Charlie McAvoy scored 39 seconds into overtime and Jeremy Swayman stopped 14 shots on Tuesday night to earn the Boston Bruins their 13th straight victory at home, 2-1 over the Kings.

Mason Lohrei scored midway through the third period to break a scoreless tie. But the Kings tied it five minutes later when Drew Doughty’s shot from the blue line deflected off the heel of Bruins forward Elias Lindholm and into the net.

It was the seventh straight time the teams had gone to overtime in Boston.

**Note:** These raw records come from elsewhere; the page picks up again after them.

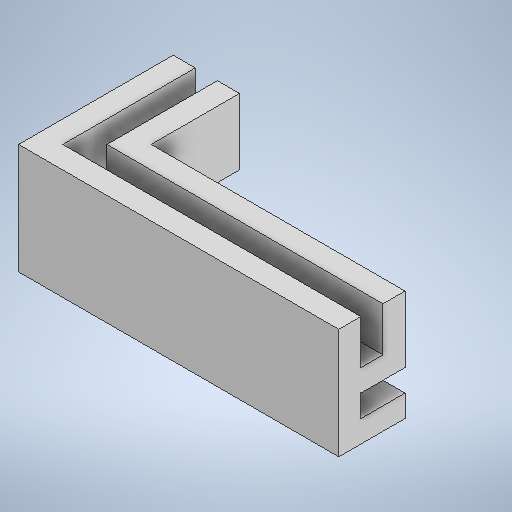
# Autodesk Inventor part: TSU_Corner1_Clamp
Saved by Autodesk Inventor 2025.2 (Build 292293000, 293)
## iProperties
Created: 2025-01-07
Part Number: TSU_Corner1_Clamp
Material: Generic
Document SubType Name: Modeling
Designer: Matt Tidd
Density: 1 g/cm^3
Appearance: Default
Author: Matt Tidd
Autodesk Inventor part; units mm, degrees
ref_plane "YZ Plane" through (0, 0, 0) normal (1, 0, 0) x (0, 1, 0)
ref_plane "XZ Plane" through (0, 0, 0) normal (0, 1, 0) x (-1, 0, 0)
ref_plane "XY Plane" through (0, 0, 0) normal (0, 0, 1) x (1, 0, 0)
sketch "Sketch1" plane through (0, 0, 0) normal (0, 1, 0) x (-1, 0, 0)
  line L0 (0, 0) -> (145, 0)
  line L1 (145, 0) -> (145, -30)
  line L2 (145, -30) -> (0, -30)
  line L3 (0, -30) -> (0, 0)
  line L4 (145, 0) -> (115, 0)
  line L5 (115, 0) -> (115, -70)
  line L6 (115, -70) -> (145, -70)
  line L7 (145, -70) -> (145, 0)
  point P0 (115, -30)
  dimension "d0" = 145
  dimension "d1" = 30
  dimension "d2" = 30
  dimension "d3" = 70
  constraints: 16 end point, 4 parallel, 2 horizontal, 2 perpendicular
  measures "d0" distance of L1.end L2.end
  measures "d1" distance of L0.end L1.end
  measures "d2" distance of L6.end L5.end
  measures "d3" distance of L5.end L4.end
extrude "Extrusion1" add sketch "Sketch1" along normal blind 30
sketch "Sketch2" plane through (0, 0, -30) normal (0, 0, -1) x (-1, 0, 0)
  line L0 (0, 20) -> (135, 20)
  line L1 (135, 20) -> (135, 10)
  line L2 (135, 10) -> (0, 10)
  line L3 (0, 10) -> (0, 20)
  dimension "d32" = 135
  dimension "d33" = 10
  constraints: 8 end point, 2 parallel, 1 horizontal, 1 perpendicular
  measures "d32" distance of L1.end L2.end
  measures "d33" distance of L0.end L1.end
extrude "Extrusion2" cut sketch "Sketch2" along normal blind 50 and the other way blind 20
sketch "Sketch4" plane through (0, 30, 0) normal (0, 1, 0) x (1, 0, 0)
  line L0 (0, 0) -> (-145, 0)
  line L1 (-145, 0) -> (-145, 10)
  line L2 (-145, 10) -> (0, 10)
  line L3 (0, 10) -> (0, 0)
  line L4 (-115, 70) -> (-145, 70) projected
  line L5 (-145, 70) -> (-135, 70)
  line L6 (-135, 70) -> (-135, 10)
  line L7 (-135, 10) -> (-145, 10)
  line L8 (-145, 10) -> (-145, 70)
  line L9 (-115, 30) -> (-115, 70) projected
  line L10 (-115, 70) -> (-125, 70)
  line L11 (-125, 70) -> (-125, 30)
  line L12 (-125, 30) -> (-115, 30)
  line L13 (-115, 30) -> (-115, 70)
  line L14 (0, 30) -> (-125, 30)
  line L15 (-125, 30) -> (-125, 20)
  line L16 (-125, 20) -> (0, 20)
  line L17 (0, 20) -> (0, 30)
  dimension "d22" = 145
  dimension "d23" = 10
  dimension "d24" = 10
  dimension "d25" = 60
  dimension "d26" = 10
  dimension "d27" = 40
  dimension "d28" = 125
  dimension "d29" = 10
  constraints: 32 end point, 8 parallel, 4 horizontal, 4 perpendicular, 2 point on line
  measures "d22" distance of L1.end L2.end
  measures "d23" distance of L0.end L1.end
  measures "d24" distance of L6.end L7.end
  measures "d25" distance of L5.end L6.end
  measures "d26" distance of L12.end L11.end
  measures "d27" distance of L11.end L10.end
  measures "d28" distance of L16.end L15.end
  measures "d29" distance of L15.end L14.end
extrude "Extrusion4" add sketch "Sketch4" along normal blind 20
body "Solid1"

In the overtime, Mark Kastelic blocked a shot in the defensive zone and made a long pass to David Pastrnak, who waited for McAvoy to come into the zone. The Bruins’ defenseman and U.S. Olympian, who went to the locker room at the end of the second period after taking a puck off his mouth, skated in on Darcy Kuemper and went to his backhand for the winner.

Kuemper stopped 21 shots for the Kings, who entered the night one point out of the second wild-card spot in the Western Conference. The victory kept Boston in possession of the East’s second wild-card spot.

Swayman tied his career high with his 25th win of the season. The Bruins haven’t lost at the TD Garden since before Christmas.

After the game, Kings forward and future Hall of Famer Anze Kopitar stayed on the ice to shake hands with the Bruins after what is expected to be his last game in Boston.